Ouvert en septembre 1999, l’Utopia Saint-Siméon, qui fête ses 20 ans, est le seul cinéma art et essai du centre-ville de Bordeaux. Il bénéficie des trois labels de distribution art et essai (Jeune Public, Recherche et Découverte, Patrimoine et Répertoire) et fait partie du réseau Europa Cinémas (soutien à la distribution à l’échelle européenne).
C’est dans les murs d’un ancien édifice religieux, l’église Saint-Siméon (XIVe siècle), que le cinéma Utopia de Bordeaux a vu le jour. Un écrin atypique pour ses cinq salles, pouvant accueillir 555 spectateurs. Si le lieu est unique, il est raccord avec le style des autres salles du réseau Utopia. « Dans toutes les salles Utopia, il y a des tableaux, des statues, de la décoration autour de l’écran, très art nouveau… ça fait vieux théâtre, c’est une atmosphère chaleureuse. C’est ça, l’identité du lieu. Ce n’est pas froidement gris ou impersonnel, » souligne Stephen Bonato, l’un des responsables des lieux.
Inauguré le 20 septembre 1999, avant d’être ouvert au public neuf jours plus tard, l’Utopia de Bordeaux peut compter sur deux parrains prestigieux : Jean-Pierre et Luc Dardenne. La première projection au public, c’était leur film Rosetta, qui leur a valu leur première Palme d’or. Les cinéastes belges étaient venus à cette occasion à l’Utopia de Bordeaux présenter leur film. « Ce sont des amis depuis longtemps, des amis que l’on ne voit pas fréquemment, mais une amitié à laquelle nous sommes très sensibles », déclarait alors Jean-Pierre Dardenne dans les colonnes du quotidien Sud-Ouest.

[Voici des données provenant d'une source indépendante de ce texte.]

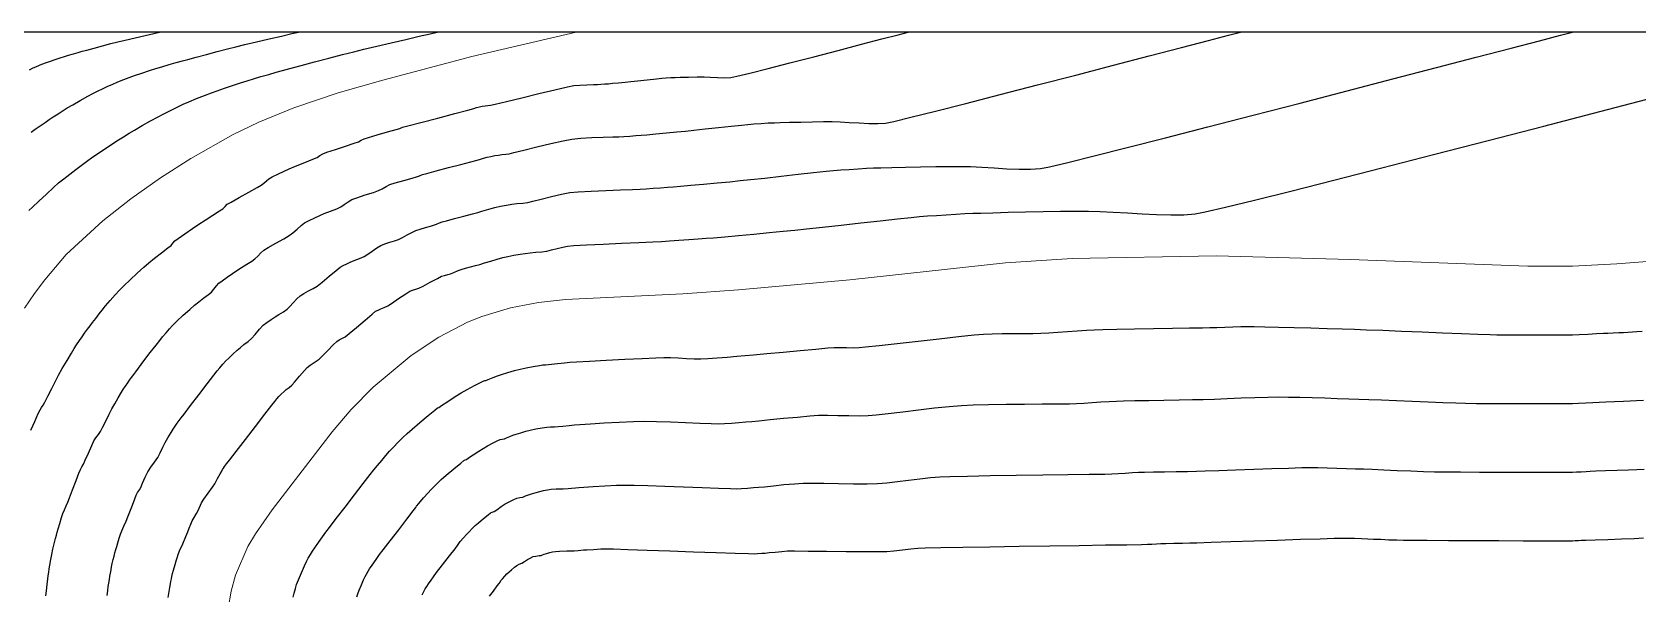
# Model space of a CAD drawing. Extents: x 27 to 849, y 0 to 853.
# Drawn here: x 492.7 to 583, y 821 to 852.5 of the extents above; entities that cross this region are included whole.
import ezdxf

# ---------------------------------------------------------------- set-up
doc = ezdxf.new("R2010")
doc.units = 0
doc.header["$LTSCALE"] = 2
for name, color, linetype in [('ARQ - PORTAS E ESQUADRIAS 1-50', 2, 'Continuous'), ('Curva 1 m', 5, 'Continuous'), ('Curva Mestra', 1, 'Continuous')]:
    doc.layers.add(name, color=color, linetype=linetype)

msp = doc.modelspace()

# ---------------------------------------------------------------- linework, layer by layer
at = {"layer": 'ARQ - PORTAS E ESQUADRIAS 1-50', "elevation": 45}
msp.add_lwpolyline([(848.941, 852.522), (26.505, 852.522), (26.505, 7.377), (848.941, 7.377)], close=True, dxfattribs=at)
at = {"layer": 'Curva 1 m', "linetype": 'Continuous', "lineweight": -3}
for points, elevation in [([(492.553, 842.498), (492.748, 842.684), (493.106, 843.021), (493.532, 843.42), (493.935, 843.791), (494.219, 844.045), (494.505, 844.28), (494.842, 844.546), (495.184, 844.807), (495.479, 845.029), (495.783, 845.25), (496.145, 845.506), (496.51, 845.76), (496.822, 845.973), (497.132, 846.178), (497.496, 846.413), (497.861, 846.644), (498.178, 846.839), (498.489, 847.021), (498.923, 847.269), (499.392, 847.534), (499.81, 847.767), (500.088, 847.918), (500.35, 848.051), (500.656, 848.201), (500.964, 848.348), (501.23, 848.471), (501.547, 848.607), (501.974, 848.785), (502.424, 848.967), (502.806, 849.115), (503.127, 849.23), (503.543, 849.372), (503.999, 849.525), (504.44, 849.669), (504.811, 849.787), (505.171, 849.897), (505.59, 850.021), (506.029, 850.148), (506.449, 850.268), (506.811, 850.369), (507.219, 850.48), (507.848, 850.649), (508.611, 850.852), (509.418, 851.064), (510.181, 851.262), (510.811, 851.423), (511.375, 851.56), (512.099, 851.731), (512.909, 851.921), (513.73, 852.112), (514.486, 852.287), (515.101, 852.429), (515.502, 852.522)], 66), ([(492.574, 850.412), (492.757, 850.496), (492.983, 850.593), (493.281, 850.715), (493.545, 850.819), (493.754, 850.893), (494.027, 850.985), (494.31, 851.078), (494.548, 851.155), (494.778, 851.225), (495.047, 851.304), (495.316, 851.381), (495.548, 851.446), (495.807, 851.516), (496.214, 851.625), (496.69, 851.751), (497.16, 851.874), (497.548, 851.972), (497.967, 852.074), (498.514, 852.202), (499.087, 852.335), (499.581, 852.45), (499.893, 852.522)], 68), ([(492.66, 830.148), (492.883, 830.651), (493.077, 831.083), (493.173, 831.291), (493.266, 831.426), (493.36, 831.56), (493.444, 831.724), (493.615, 832.067), (493.829, 832.495), (494.042, 832.918), (494.211, 833.242), (494.426, 833.622), (494.692, 834.076), (494.937, 834.487), (495.091, 834.741), (495.232, 834.956), (495.396, 835.199), (495.539, 835.406), (495.683, 835.604), (495.85, 835.828), (495.997, 836.024), (496.129, 836.198), (496.311, 836.438), (496.506, 836.691), (496.672, 836.902), (496.863, 837.134), (497.123, 837.443), (497.398, 837.763), (497.639, 838.027), (497.883, 838.269), (498.242, 838.608), (498.642, 838.979), (499.013, 839.316), (499.282, 839.554), (499.606, 839.816), (500.01, 840.127), (500.364, 840.398), (500.542, 840.538), (500.649, 840.663), (500.756, 840.788), (500.943, 840.926), (501.318, 841.192), (501.748, 841.491), (502.099, 841.731), (502.451, 841.959), (502.884, 842.232), (503.263, 842.471), (503.455, 842.598), (503.578, 842.723), (503.701, 842.847), (503.916, 842.973), (504.37, 843.227), (504.908, 843.526), (505.373, 843.787), (505.612, 843.926), (505.749, 844.038), (505.901, 844.174), (506.039, 844.283), (506.227, 844.384), (506.541, 844.538), (506.89, 844.703), (507.181, 844.836), (507.545, 844.988), (508.052, 845.193), (508.517, 845.38), (508.757, 845.481), (508.912, 845.586), (509.069, 845.689), (509.303, 845.772), (509.787, 845.933), (510.355, 846.12), (510.84, 846.28), (511.074, 846.361), (511.234, 846.445), (511.395, 846.528), (511.635, 846.602), (512.131, 846.746), (512.707, 846.912), (513.187, 847.05), (513.395, 847.11), (513.476, 847.143), (513.557, 847.175), (513.855, 847.254), (514.585, 847.446), (515.533, 847.695), (516.487, 847.946), (517.232, 848.142), (517.557, 848.228), (517.72, 848.278), (517.878, 848.324), (518.038, 848.356), (518.193, 848.382), (518.345, 848.399), (518.497, 848.416), (518.762, 848.479), (519.398, 848.631), (520.264, 848.839), (521.218, 849.067), (522.118, 849.279), (522.822, 849.44), (523.187, 849.516), (523.517, 849.546), (523.916, 849.564), (524.28, 849.574), (524.508, 849.582), (524.707, 849.595), (524.934, 849.611), (525.133, 849.626), (525.352, 849.645), (525.696, 849.675), (526.071, 849.71), (526.383, 849.74), (526.769, 849.781), (527.308, 849.841), (527.822, 849.898), (528.133, 849.93), (528.372, 849.948), (528.644, 849.965), (528.883, 849.977), (529.165, 849.986), (529.621, 849.996), (530.114, 850.005), (530.508, 850.008), (530.856, 849.995), (531.261, 849.971), (531.664, 849.955), (532.008, 849.968), (532.349, 850.041), (533.077, 850.22), (534.101, 850.479), (535.331, 850.794), (536.676, 851.142), (538.047, 851.498), (539.353, 851.838), (540.505, 852.138), (541.411, 852.374), (541.981, 852.522)], 64), ([(492.681, 846.902), (492.909, 847.068), (493.18, 847.26), (493.454, 847.451), (493.688, 847.61), (493.92, 847.764), (494.193, 847.94), (494.467, 848.114), (494.705, 848.26), (495.013, 848.44), (495.44, 848.682), (495.858, 848.916), (496.137, 849.069), (496.408, 849.206), (496.719, 849.356), (496.994, 849.483), (497.231, 849.586), (497.552, 849.72), (497.889, 849.856), (498.176, 849.967), (498.489, 850.078), (498.898, 850.217), (499.322, 850.357), (499.68, 850.471), (500.025, 850.576), (500.428, 850.694), (500.832, 850.81), (501.18, 850.908), (501.485, 850.991), (501.957, 851.117), (502.529, 851.269), (503.135, 851.429), (503.707, 851.577), (504.18, 851.697), (504.686, 851.82), (505.344, 851.976), (506.063, 852.143), (506.755, 852.304), (507.33, 852.437), (507.697, 852.522)], 67), ([(493.509, 820.842), (493.537, 821.131), (493.574, 821.482), (493.609, 821.796), (493.63, 821.975), (493.662, 822.17), (493.697, 822.364), (493.73, 822.572), (493.782, 822.889), (493.833, 823.169), (493.902, 823.475), (493.989, 823.839), (494.046, 824.068), (494.094, 824.248), (494.144, 824.428), (494.197, 824.606), (494.29, 824.917), (494.39, 825.244), (494.463, 825.467), (494.548, 825.672), (494.652, 825.904), (494.74, 826.108), (494.837, 826.359), (495.008, 826.81), (495.201, 827.319), (495.365, 827.748), (495.446, 827.954), (495.53, 828.099), (495.616, 828.244), (495.712, 828.461), (495.891, 828.871), (496.079, 829.295), (496.2, 829.553), (496.316, 829.726), (496.458, 829.917), (496.575, 830.089), (496.689, 830.306), (496.866, 830.662), (497.056, 831.046), (497.214, 831.351), (497.375, 831.636), (497.574, 831.976), (497.758, 832.285), (497.874, 832.475), (497.979, 832.636), (498.102, 832.819), (498.209, 832.974), (498.317, 833.122), (498.443, 833.29), (498.553, 833.437), (498.711, 833.645), (499.015, 834.042), (499.374, 834.511), (499.7, 834.933), (499.903, 835.192), (500.067, 835.391), (500.259, 835.621), (500.455, 835.847), (500.628, 836.037), (500.873, 836.276), (501.23, 836.611), (501.594, 836.945), (501.86, 837.182), (502.093, 837.367), (502.376, 837.583), (502.638, 837.782), (502.805, 837.919), (502.944, 838.077), (503.094, 838.265), (503.235, 838.419), (503.409, 838.554), (503.687, 838.75), (503.99, 838.957), (504.242, 839.127), (504.493, 839.288), (504.797, 839.475), (505.077, 839.651), (505.259, 839.777), (505.418, 839.933), (505.59, 840.123), (505.751, 840.276), (506.003, 840.427), (506.432, 840.66), (506.878, 840.904), (507.184, 841.085), (507.391, 841.249), (507.624, 841.455), (507.851, 841.655), (508.04, 841.8), (508.304, 841.945), (508.618, 842.092), (508.896, 842.215), (509.154, 842.321), (509.508, 842.46), (509.852, 842.598), (510.078, 842.698), (510.278, 842.828), (510.499, 842.988), (510.701, 843.114), (510.986, 843.218), (511.453, 843.37), (511.92, 843.519), (512.205, 843.618), (512.41, 843.722), (512.641, 843.85), (512.847, 843.952), (513.145, 844.046), (513.631, 844.186), (514.101, 844.318), (514.347, 844.389), (514.509, 844.454), (514.671, 844.519), (514.911, 844.584), (515.449, 844.726), (516.139, 844.906), (516.836, 845.089), (517.395, 845.235), (517.671, 845.309), (517.877, 845.371), (518.112, 845.443), (518.314, 845.499), (518.515, 845.542), (518.746, 845.585), (518.944, 845.617), (519.137, 845.639), (519.358, 845.661), (519.551, 845.685), (519.819, 845.749), (520.38, 845.889), (521.109, 846.071), (521.883, 846.259), (522.578, 846.417), (523.069, 846.51), (523.578, 846.559), (524.203, 846.593), (524.837, 846.615), (525.375, 846.63), (525.711, 846.642), (526, 846.66), (526.336, 846.683), (526.672, 846.707), (526.961, 846.729), (527.285, 846.757), (527.793, 846.802), (528.389, 846.856), (528.977, 846.911), (529.461, 846.958), (529.923, 847.007), (530.575, 847.079), (531.311, 847.16), (532.024, 847.24), (532.609, 847.303), (532.961, 847.339), (533.307, 847.365), (533.71, 847.392), (534.114, 847.416), (534.461, 847.433), (534.785, 847.443), (535.303, 847.456), (535.936, 847.471), (536.602, 847.483), (537.22, 847.492), (537.711, 847.494), (538.156, 847.481), (538.669, 847.452), (539.215, 847.419), (539.761, 847.394), (540.271, 847.388), (540.711, 847.413), (541.172, 847.509), (542.136, 847.741), (543.513, 848.084), (545.216, 848.517), (547.157, 849.015), (549.246, 849.554), (551.397, 850.111), (553.521, 850.663), (555.531, 851.187), (557.337, 851.658), (558.852, 852.053), (559.988, 852.349), (560.657, 852.522)], 63), ([(496.949, 820.856), (496.979, 821.14), (497.006, 821.361), (497.036, 821.55), (497.074, 821.765), (497.105, 821.945), (497.133, 822.116), (497.165, 822.311), (497.196, 822.482), (497.237, 822.668), (497.291, 822.893), (497.338, 823.081), (497.383, 823.253), (497.437, 823.449), (497.485, 823.621), (497.544, 823.824), (497.623, 824.085), (497.698, 824.313), (497.776, 824.504), (497.891, 824.765), (498.014, 825.042), (498.114, 825.276), (498.224, 825.561), (498.367, 825.943), (498.501, 826.3), (498.584, 826.507), (498.662, 826.646), (498.758, 826.802), (498.838, 826.941), (498.939, 827.171), (499.085, 827.516), (499.228, 827.814), (499.401, 828.072), (499.615, 828.363), (499.791, 828.618), (499.933, 828.887), (500.085, 829.199), (500.216, 829.459), (500.367, 829.724), (500.541, 830.019), (500.656, 830.209), (500.767, 830.378), (500.88, 830.541), (500.993, 830.697), (501.109, 830.85), (501.272, 831.063), (501.634, 831.535), (502.098, 832.14), (502.568, 832.751), (502.945, 833.241), (503.134, 833.483), (503.285, 833.666), (503.459, 833.871), (503.617, 834.046), (503.781, 834.206), (504.019, 834.429), (504.262, 834.652), (504.439, 834.809), (504.64, 834.966), (504.873, 835.139), (505.069, 835.301), (505.269, 835.528), (505.509, 835.825), (505.714, 836.051), (505.92, 836.212), (506.167, 836.38), (506.385, 836.523), (506.603, 836.659), (506.853, 836.811), (507.063, 836.956), (507.217, 837.106), (507.412, 837.318), (507.616, 837.536), (507.801, 837.705), (508.01, 837.838), (508.272, 837.976), (508.537, 838.114), (508.756, 838.245), (509.038, 838.469), (509.435, 838.809), (509.814, 839.134), (510.04, 839.317), (510.216, 839.414), (510.426, 839.511), (510.611, 839.593), (510.839, 839.684), (511.14, 839.8), (511.399, 839.916), (511.594, 840.041), (511.847, 840.221), (512.109, 840.404), (512.333, 840.539), (512.559, 840.627), (512.831, 840.711), (513.105, 840.793), (513.335, 840.875), (513.559, 840.985), (513.818, 841.128), (514.077, 841.27), (514.3, 841.377), (514.545, 841.459), (514.846, 841.544), (515.124, 841.617), (515.3, 841.668), (515.454, 841.729), (515.629, 841.803), (515.785, 841.862), (516.018, 841.927), (516.471, 842.046), (517.007, 842.185), (517.49, 842.311), (517.785, 842.389), (518.009, 842.456), (518.27, 842.537), (518.53, 842.615), (518.749, 842.675), (519.051, 842.74), (519.397, 842.804), (519.694, 842.852), (519.984, 842.885), (520.316, 842.917), (520.605, 842.954), (520.88, 843.018), (521.352, 843.14), (521.92, 843.284), (522.486, 843.416), (522.95, 843.504), (523.429, 843.547), (524.148, 843.588), (524.981, 843.625), (525.804, 843.657), (526.49, 843.683), (526.913, 843.701), (527.252, 843.723), (527.645, 843.749), (528.056, 843.778), (528.449, 843.807), (528.788, 843.833), (529.17, 843.866), (529.76, 843.918), (530.476, 843.982), (531.233, 844.052), (531.948, 844.119), (532.538, 844.176), (533.112, 844.236), (533.911, 844.324), (534.835, 844.426), (535.785, 844.532), (536.66, 844.629), (537.361, 844.704), (537.788, 844.747), (538.194, 844.779), (538.666, 844.812), (539.159, 844.842), (539.631, 844.869), (540.038, 844.888), (540.434, 844.901), (541.057, 844.918), (541.831, 844.936), (542.68, 844.953), (543.527, 844.968), (544.297, 844.978), (544.913, 844.98), (545.478, 844.965), (546.123, 844.93), (546.816, 844.888), (547.524, 844.849), (548.214, 844.824), (548.855, 844.823), (549.413, 844.858), (549.92, 844.96), (550.949, 845.203), (552.428, 845.567), (554.283, 846.034), (556.442, 846.583), (558.831, 847.196), (561.377, 847.852), (564.008, 848.533), (566.65, 849.219), (569.231, 849.89), (571.677, 850.527), (573.915, 851.111), (575.873, 851.621), (577.477, 852.04), (578.655, 852.347), (579.333, 852.522)], 62), ([(500.381, 820.747), (500.42, 820.981), (500.478, 821.32), (500.514, 821.526), (500.536, 821.66), (500.559, 821.794), (500.592, 821.938), (500.63, 822.094), (500.684, 822.292), (500.768, 822.602), (500.827, 822.814), (500.878, 822.988), (500.933, 823.16), (501.024, 823.376), (501.198, 823.775), (501.377, 824.187), (501.487, 824.444), (501.561, 824.64), (501.643, 824.866), (501.723, 825.059), (501.831, 825.254), (501.964, 825.473), (502.061, 825.638), (502.123, 825.777), (502.19, 825.938), (502.256, 826.075), (502.39, 826.274), (502.63, 826.612), (502.87, 826.95), (503.006, 827.148), (503.077, 827.282), (503.153, 827.438), (503.218, 827.568), (503.296, 827.704), (503.386, 827.856), (503.438, 827.943), (503.494, 828.027), (503.55, 828.109), (503.607, 828.187), (503.665, 828.264), (503.817, 828.462), (504.197, 828.957), (504.716, 829.631), (505.282, 830.368), (505.806, 831.049), (506.197, 831.557), (506.365, 831.774), (506.484, 831.917), (506.607, 832.055), (506.726, 832.171), (506.89, 832.323), (507.018, 832.437), (507.177, 832.559), (507.333, 832.683), (507.488, 832.86), (507.761, 833.183), (508.035, 833.506), (508.192, 833.683), (508.357, 833.806), (508.528, 833.919), (508.7, 834.025), (508.867, 834.136), (509.039, 834.308), (509.347, 834.627), (509.661, 834.951), (509.851, 835.134), (510, 835.225), (510.177, 835.317), (510.329, 835.404), (510.546, 835.58), (510.964, 835.931), (511.443, 836.336), (511.848, 836.676), (512.04, 836.834), (512.181, 836.907), (512.326, 836.972), (512.513, 837.045), (512.72, 837.133), (512.939, 837.277), (513.333, 837.545), (513.731, 837.815), (513.965, 837.963), (514.122, 838.022), (514.307, 838.077), (514.466, 838.131), (514.704, 838.252), (515.109, 838.467), (515.515, 838.682), (515.752, 838.801), (515.909, 838.851), (516.092, 838.9), (516.252, 838.946), (516.439, 839.021), (516.682, 839.123), (516.898, 839.206), (517.092, 839.261), (517.365, 839.332), (517.655, 839.405), (517.898, 839.469), (518.165, 839.549), (518.517, 839.658), (518.881, 839.768), (519.184, 839.851), (519.476, 839.915), (519.818, 839.981), (520.159, 840.041), (520.444, 840.087), (520.726, 840.121), (521.054, 840.152), (521.381, 840.185), (521.659, 840.223), (521.931, 840.282), (522.245, 840.364), (522.559, 840.443), (522.831, 840.497), (523.189, 840.524), (523.901, 840.562), (524.834, 840.607), (525.856, 840.655), (526.832, 840.699), (527.63, 840.736), (528.115, 840.761), (528.567, 840.79), (529.092, 840.825), (529.64, 840.863), (530.164, 840.902), (530.615, 840.937), (531.032, 840.972), (531.665, 841.028), (532.444, 841.097), (533.298, 841.175), (534.159, 841.254), (534.954, 841.329), (535.615, 841.394), (536.266, 841.462), (537.159, 841.559), (538.205, 841.675), (539.315, 841.799), (540.401, 841.919), (541.372, 842.026), (542.14, 842.108), (542.615, 842.155), (543.059, 842.191), (543.57, 842.227), (544.115, 842.262), (544.659, 842.295), (545.171, 842.322), (545.615, 842.343), (546.059, 842.358), (546.744, 842.377), (547.602, 842.398), (548.566, 842.419), (549.567, 842.438), (550.538, 842.454), (551.41, 842.464), (552.115, 842.466), (552.768, 842.45), (553.506, 842.413), (554.301, 842.365), (555.125, 842.316), (555.947, 842.276), (556.739, 842.253), (557.471, 842.26), (558.115, 842.304), (558.683, 842.415), (559.816, 842.68), (561.444, 843.078), (563.498, 843.591), (565.908, 844.201), (568.605, 844.89), (571.519, 845.638), (574.58, 846.428), (577.72, 847.24), (580.868, 848.057), (583.954, 848.859)], 61), ([(507.405, 820.767), (507.46, 820.998), (507.531, 821.26), (507.601, 821.487), (507.704, 821.744), (507.873, 822.139), (508.044, 822.529), (508.155, 822.77), (508.257, 822.958), (508.381, 823.168), (508.494, 823.35), (508.622, 823.541), (508.827, 823.837), (509.053, 824.158), (509.244, 824.423), (509.446, 824.691), (509.829, 825.192), (510.321, 825.833), (510.85, 826.521), (511.345, 827.163), (511.733, 827.664), (511.944, 827.933), (512.144, 828.177), (512.38, 828.459), (512.619, 828.738), (512.828, 828.974), (513.047, 829.207), (513.31, 829.479), (513.578, 829.748), (513.813, 829.973), (514.096, 830.218), (514.532, 830.584), (514.999, 830.971), (515.371, 831.277), (515.524, 831.402), (515.596, 831.431), (515.745, 831.534), (516.096, 831.773), (516.507, 832.049), (516.841, 832.261), (517.18, 832.448), (517.605, 832.668), (517.968, 832.852), (518.127, 832.931), (518.183, 832.94), (518.24, 832.949), (518.373, 833.004), (518.643, 833.115), (518.887, 833.209), (519.115, 833.283), (519.471, 833.393), (519.856, 833.506), (520.173, 833.591), (520.498, 833.66), (520.897, 833.735), (521.248, 833.797), (521.433, 833.826), (521.592, 833.834), (521.752, 833.839), (521.93, 833.859), (522.268, 833.899), (522.651, 833.943), (522.966, 833.975), (523.332, 833.997), (524.059, 834.038), (525.009, 834.088), (526.041, 834.141), (527.019, 834.189), (527.801, 834.224), (528.25, 834.238), (528.624, 834.232), (529.057, 834.212), (529.511, 834.19), (529.944, 834.172), (530.318, 834.168), (530.725, 834.185), (531.244, 834.218), (531.809, 834.261), (532.355, 834.305), (532.818, 834.343), (533.285, 834.385), (534.035, 834.455), (534.948, 834.541), (535.904, 834.631), (536.781, 834.712), (537.459, 834.773), (537.818, 834.8), (538.14, 834.803), (538.516, 834.795), (538.891, 834.788), (539.214, 834.793), (539.586, 834.829), (540.343, 834.913), (541.366, 835.028), (542.531, 835.161), (543.72, 835.295), (544.811, 835.416), (545.682, 835.507), (546.214, 835.554), (546.695, 835.575), (547.253, 835.585), (547.848, 835.589), (548.439, 835.592), (548.983, 835.596), (549.44, 835.608), (549.885, 835.63), (550.396, 835.663), (550.94, 835.701), (551.485, 835.739), (551.996, 835.772), (552.44, 835.795), (552.926, 835.809), (553.714, 835.826), (554.699, 835.845), (555.778, 835.864), (556.845, 835.882), (557.798, 835.897), (558.531, 835.91), (558.94, 835.918), (559.325, 835.931), (559.771, 835.948), (560.237, 835.966), (560.683, 835.98), (561.068, 835.987), (561.423, 835.982), (562.02, 835.969), (562.794, 835.95), (563.681, 835.926), (564.617, 835.899), (565.536, 835.872), (566.375, 835.847), (567.068, 835.824), (567.743, 835.8), (568.653, 835.766), (569.719, 835.724), (570.864, 835.678), (572.011, 835.632), (573.083, 835.589), (574.001, 835.553), (574.688, 835.527), (575.068, 835.515), (575.481, 835.509), (575.965, 835.506), (576.468, 835.505), (576.937, 835.506), (577.318, 835.506), (577.679, 835.506), (578.099, 835.505), (578.537, 835.506), (578.957, 835.509), (579.318, 835.515), (579.708, 835.53), (580.185, 835.554), (580.667, 835.58), (581.072, 835.603), (581.318, 835.615), (581.604, 835.626), (581.929, 835.638), (582.193, 835.648), (582.432, 835.661), (582.704, 835.677), (582.943, 835.692), (583.246, 835.715)], 59), ([(510.982, 820.796), (511.035, 820.967), (511.112, 821.159), (511.238, 821.456), (511.367, 821.748), (511.45, 821.929), (511.527, 822.07), (511.62, 822.228), (511.704, 822.364), (511.847, 822.576), (512.068, 822.891), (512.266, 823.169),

Un fonctionnement coopératif
L’autre particularité de l’Utopia de Bordeaux vient de son mode de gestion. « La salle Utopia est une SCOP, une société coopérative : dix des douze salariés ont des parts dans l’entreprise, et chacun est décisionnaire. Les décisions sont mises au vote, chacun possède une voix », explique Stephen Bonato. Et chacun maîtrise tous les postes clés du cinéma : caisse, projection, accueil... Autre choix important : il n’y a pas de confiserie, alors qu’il s’agit d’une source de revenus non négligeable pour une salle de cinéma. En fait, « le seul revenu vient du ticket de cinéma », insiste Stephen Bonato. Quant au café du cinéma, il est loué à des sous-traitants, à un tarif volontairement bas.
Cet esprit coopératif et d’échange fait partie intégrante de la philosophie de l’Utopia de Bordeaux. « Notre métier, c’est partager des films, des goûts. On conseille les habitués, c’est formidable, cela donne du sens à ce que l’on fait », s’enthousiasme Stephen Bonato. La salle sert aussi de lieu de rencontre et d’événements pour différentes associations. Une dernière preuve de la fidélité réciproque entre la salle et son public : l’existence d’une association de spectateurs, Les Amis d’Utopia, qui remettent chaque année un prix à leur film préféré : en 2018, c’est L’Amour flou de Romane Bohringer et Philippe Rebbot qui avait été récompensé.
Le dialogue entre spectateurs et responsables de la salle passe également par une revue : La Gazette, mise en page comme un journal de la Belle époque (avec gravures en noir et blanc), qui permet de se tenir au courant des sorties et événements des salles. Disponible en papier partout sur Bordeaux (et en téléchargement sur le site), « c’est un élément très, très important de l’identité des cinémas Utopia », explique Stephen. Dans le même esprit coopératif, la gazette est financée intégralement par les publicités insérées dans ses pages. Les informations sont communes à toutes les salles du réseau Utopia, à l’exception de la salle de Saint-Ouen-L’Aumône, trop éloignée géographiquement. « De plus, les salariés écrivent presque tous les textes de la gazette, selon leur envie de parler des films », précise Stephen Bonato.
Enfin, si l’Utopia de Bordeaux occupe une place particulière dans le réseau, c’est que c’est ici que l’impulsion est donnée et que les films à programmer sont suggérés à trois autres salles Utopia (Avignon, Toulouse, Montpellier). Chaque salle conserve sa liberté et a le pouvoir de programmer les films de son choix.